When we look at price moves over the last month, the picture is mixed.
London, Wales, the East Midlands and North East experienced a decline in house price growth in May/June.
In London, house price growth was -2.5%, which was considerably worse than a 2.4% rise in April/May.
What the indices say
HomeOwners Alliance: “At a national level, annual house price growth remains unchanged for the third month running. Transactions have been sluggish but reports from surveyors indicate that buyer interest is picking up. Regionally, there is a varied picture with annual house prices continuing to fall in London and the biggest house price growth evident in the North West and Wales.”
Rightmove: “The national market faces a range of challenges, with average asking prices barely changed from last year, and activity levels slightly lower. Some buyers are hesitant due to the long-drawn-out uncertainty of Brexit, and there is also a slight tightening of mortgage availability and stretched buyer affordability, especially when it comes to raising a deposit. There is, however, a marked north/south divide. On average, the number of sales agreed for the year to date in the northern regions is down by 1.7% compared to the same period last year, while success at selling is more elusive in the southern regions, down by an average of 7.1%.”

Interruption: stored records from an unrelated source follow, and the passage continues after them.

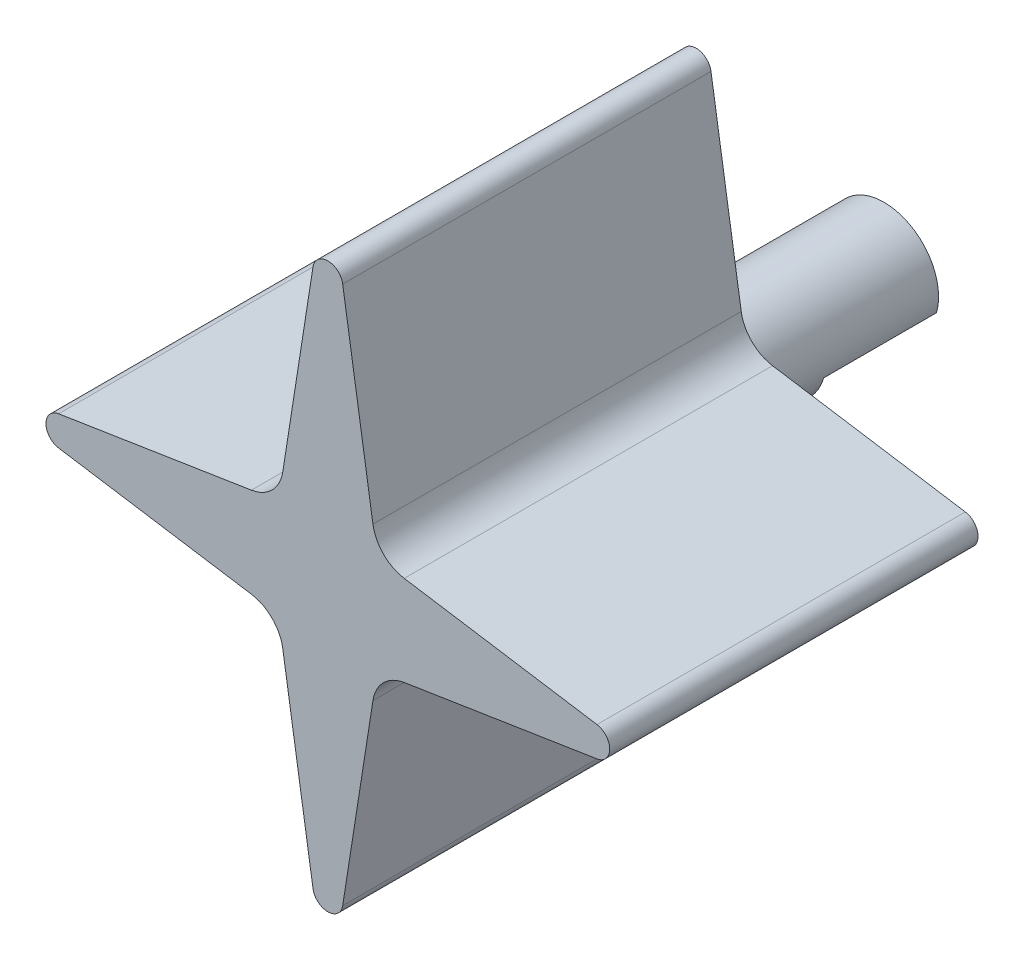
ISO-10303-21;
HEADER;
FILE_DESCRIPTION(('STEP AP214'),'2;1');
FILE_NAME('part.step','',(''),(''),'','','');
FILE_SCHEMA(('AUTOMOTIVE_DESIGN { 1 0 10303 214 1 1 1 1 }'));
ENDSEC;
DATA;
#1=APPLICATION_CONTEXT('core data for automotive mechanical design processes');
#2=APPLICATION_PROTOCOL_DEFINITION('international standard','automotive_design',2000,#1);
#3=PRODUCT_CONTEXT('',#1,'mechanical');
#4=PRODUCT('Part','Part','',(#3));
#5=PRODUCT_RELATED_PRODUCT_CATEGORY('part','',(#4));
#6=PRODUCT_DEFINITION_FORMATION('','',#4);
#7=PRODUCT_DEFINITION_CONTEXT('part definition',#1,'design');
#8=PRODUCT_DEFINITION('design','',#6,#7);
#9=PRODUCT_DEFINITION_SHAPE('','',#8);
#10=(LENGTH_UNIT() NAMED_UNIT(*) SI_UNIT(.MILLI.,.METRE.));
#11=(NAMED_UNIT(*) PLANE_ANGLE_UNIT() SI_UNIT($,.RADIAN.));
#12=(NAMED_UNIT(*) SI_UNIT($,.STERADIAN.) SOLID_ANGLE_UNIT());
#13=UNCERTAINTY_MEASURE_WITH_UNIT(LENGTH_MEASURE(1.E-05),#10,'distance_accuracy_value','');
#14=(GEOMETRIC_REPRESENTATION_CONTEXT(3) GLOBAL_UNCERTAINTY_ASSIGNED_CONTEXT((#13)) GLOBAL_UNIT_ASSIGNED_CONTEXT((#10,
#11,#12)) REPRESENTATION_CONTEXT('',''));
#15=CARTESIAN_POINT('',(0.,0.,0.));
#16=DIRECTION('',(0.,0.,1.));
#17=DIRECTION('',(1.,0.,0.));
#18=AXIS2_PLACEMENT_3D('',#15,#16,#17);
#19=CARTESIAN_POINT('',(-35.5,3.70975400848805E-13,49.));
#20=DIRECTION('',(0.,0.,-1.));
#21=DIRECTION('',(-1.,0.,0.));
#22=AXIS2_PLACEMENT_3D('',#19,#20,#21);
#23=CYLINDRICAL_SURFACE('',#22,2.);
#24=CARTESIAN_POINT('',(-35.5,3.70975400848805E-13,0.));
#25=DIRECTION('',(0.,0.,1.));
#26=DIRECTION('',(1.,0.,0.));
#27=AXIS2_PLACEMENT_3D('',#24,#25,#26);
#28=CIRCLE('',#27,2.);
#29=CARTESIAN_POINT('',(-35.8098591549296,-1.97585103287289,0.));
#30=VERTEX_POINT('',#29);
#31=CARTESIAN_POINT('',(-35.8098591549296,1.97585103287363,0.));
#32=VERTEX_POINT('',#31);
#33=EDGE_CURVE('E188',#30,#32,#28,.F.);
#34=ORIENTED_EDGE('',*,*,#33,.F.);
#35=DIRECTION('',(0.,0.,-1.));
#36=VECTOR('',#35,1.);
#37=CARTESIAN_POINT('',(-35.8098591549296,-1.97585103287289,49.));
#38=LINE('',#37,#36);
#39=CARTESIAN_POINT('',(-35.8098591549296,-1.97585103287289,49.));
#40=VERTEX_POINT('',#39);
#41=EDGE_CURVE('E269',#40,#30,#38,.T.);
#42=ORIENTED_EDGE('',*,*,#41,.F.);
#43=CARTESIAN_POINT('',(-35.5,3.70975400848805E-13,49.));
#44=DIRECTION('',(0.,0.,1.));
#45=DIRECTION('',(1.,0.,0.));
#46=AXIS2_PLACEMENT_3D('',#43,#44,#45);
#47=CIRCLE('',#46,2.);
#48=CARTESIAN_POINT('',(-35.8098591549296,1.97585103287363,49.));
#49=VERTEX_POINT('',#48);
#50=EDGE_CURVE('E189',#40,#49,#47,.F.);
#51=ORIENTED_EDGE('',*,*,#50,.T.);
#52=DIRECTION('',(0.,0.,-1.));
#53=VECTOR('',#52,1.);
#54=CARTESIAN_POINT('',(-35.8098591549296,1.97585103287363,49.));
#55=LINE('',#54,#53);
#56=EDGE_CURVE('E222',#49,#32,#55,.T.);
#57=ORIENTED_EDGE('',*,*,#56,.T.);
#58=EDGE_LOOP('',(#34,#42,#51,#57));
#59=FACE_BOUND('',#58,.T.);
#60=ADVANCED_FACE('F41',(#59),#23,.T.);
#61=CARTESIAN_POINT('',(-1.16197183098603,-7.40944137327481,49.));
#62=DIRECTION('',(-0.154929577464802,-0.987925516436628,0.));
#63=DIRECTION('',(0.987925516436628,-0.154929577464802,0.));
#64=AXIS2_PLACEMENT_3D('',#61,#62,#63);
#65=PLANE('',#64);
#66=DIRECTION('',(-0.987925516436628,0.154929577464802,0.));
#67=VECTOR('',#66,1.);
#68=CARTESIAN_POINT('',(-1.16197183098603,-7.40944137327481,0.));
#69=LINE('',#68,#67);
#70=CARTESIAN_POINT('',(-10.1628717218579,-5.99789202699855,0.));
#71=VERTEX_POINT('',#70);
#72=EDGE_CURVE('E225',#71,#30,#69,.T.);
#73=ORIENTED_EDGE('',*,*,#72,.F.);
#74=DIRECTION('',(0.,0.,-1.));
#75=VECTOR('',#74,1.);
#76=CARTESIAN_POINT('',(-10.1628717218579,-5.99789202699855,49.));
#77=LINE('',#76,#75);
#78=CARTESIAN_POINT('',(-10.1628717218579,-5.99789202699855,49.));
#79=VERTEX_POINT('',#78);
#80=EDGE_CURVE('E280',#71,#79,#77,.F.);
#81=ORIENTED_EDGE('',*,*,#80,.T.);
#82=DIRECTION('',(-0.987925516436628,0.154929577464802,0.));
#83=VECTOR('',#82,1.);
#84=CARTESIAN_POINT('',(-1.16197183098603,-7.40944137327481,49.));
#85=LINE('',#84,#83);
#86=EDGE_CURVE('E192',#79,#40,#85,.T.);
#87=ORIENTED_EDGE('',*,*,#86,.T.);
#88=ORIENTED_EDGE('',*,*,#41,.T.);
#89=EDGE_LOOP('',(#73,#81,#87,#88));
#90=FACE_BOUND('',#89,.T.);
#91=ADVANCED_FACE('F353',(#90),#65,.T.);
#92=CARTESIAN_POINT('',(-7.40944137327484,-1.16197183098591,49.));
#93=DIRECTION('',(-0.987925516436631,-0.154929577464785,0.));
#94=DIRECTION('',(0.154929577464785,-0.987925516436631,0.));
#95=AXIS2_PLACEMENT_3D('',#92,#93,#94);
#96=PLANE('',#95);
#97=DIRECTION('',(-0.154929577464785,0.987925516436631,0.));
#98=VECTOR('',#97,1.);
#99=CARTESIAN_POINT('',(-7.40944137327484,-1.16197183098591,49.));
#100=LINE('',#99,#98);
#101=CARTESIAN_POINT('',(-1.97585103287351,-35.8098591549296,49.));
#102=VERTEX_POINT('',#101);
#103=CARTESIAN_POINT('',(-5.99789202699874,-10.1628717218578,49.));
#104=VERTEX_POINT('',#103);
#105=EDGE_CURVE('E195',#102,#104,#100,.T.);
#106=ORIENTED_EDGE('',*,*,#105,.T.);
#107=DIRECTION('',(0.,0.,-1.));
#108=VECTOR('',#107,1.);
#109=CARTESIAN_POINT('',(-5.99789202699874,-10.1628717218578,0.));
#110=LINE('',#109,#108);
#111=CARTESIAN_POINT('',(-5.99789202699874,-10.1628717218578,0.));
#112=VERTEX_POINT('',#111);
#113=EDGE_CURVE('E277',#104,#112,#110,.T.);
#114=ORIENTED_EDGE('',*,*,#113,.T.);
#115=DIRECTION('',(-0.154929577464785,0.987925516436631,0.));
#116=VECTOR('',#115,1.);
#117=CARTESIAN_POINT('',(-7.40944137327484,-1.16197183098591,0.));
#118=LINE('',#117,#116);
#119=CARTESIAN_POINT('',(-1.97585103287351,-35.8098591549296,0.));
#120=VERTEX_POINT('',#119);
#121=EDGE_CURVE('E227',#120,#112,#118,.T.);
#122=ORIENTED_EDGE('',*,*,#121,.F.);
#123=DIRECTION('',(0.,0.,-1.));
#124=VECTOR('',#123,1.);
#125=CARTESIAN_POINT('',(-1.97585103287351,-35.8098591549296,49.));
#126=LINE('',#125,#124);
#127=EDGE_CURVE('E267',#102,#120,#126,.T.);
#128=ORIENTED_EDGE('',*,*,#127,.F.);
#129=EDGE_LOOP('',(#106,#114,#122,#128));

Nationwide: “Housing market trends are likely to continue to mirror developments in the broader economy. While healthy labour market conditions and low borrowing costs will provide underlying support, uncertainty is likely to continue to act as a drag on sentiment and activity, with price growth and transaction levels remaining close to current levels over the coming months.”
Halifax: “The housing market is displaying a reasonable degree of resilience in the face of political and economic uncertainty. Recent industry figures show demand looking slightly more stable, with mortgage approvals ticking along just above the long-term average. One of the major restraining factors on the volume of transactions in the market continues to be the very low level of stock for sale. With the ongoing lack of clarity around Brexit, people will be looking for more certainty in the coming months, both to encourage them to list their property and to create the confidence needed to encourage buyers.”
RICS: "Latest results [from the residential market survey] are consistent with a somewhat stable trend. Although much of the anecdotal commentary remains a little downbeat, contributors reported (in net balance terms) a very modest rise in buyer demand whilst new instructions to sell have also held steady over the month. In line with this, the newly agreed sales measure edged into positive territory for the first time this year. Although forward looking metrics suggest the picture is unlikely to change materially over the coming three months, momentum is a little more upbeat at the twelve-month time horizon.”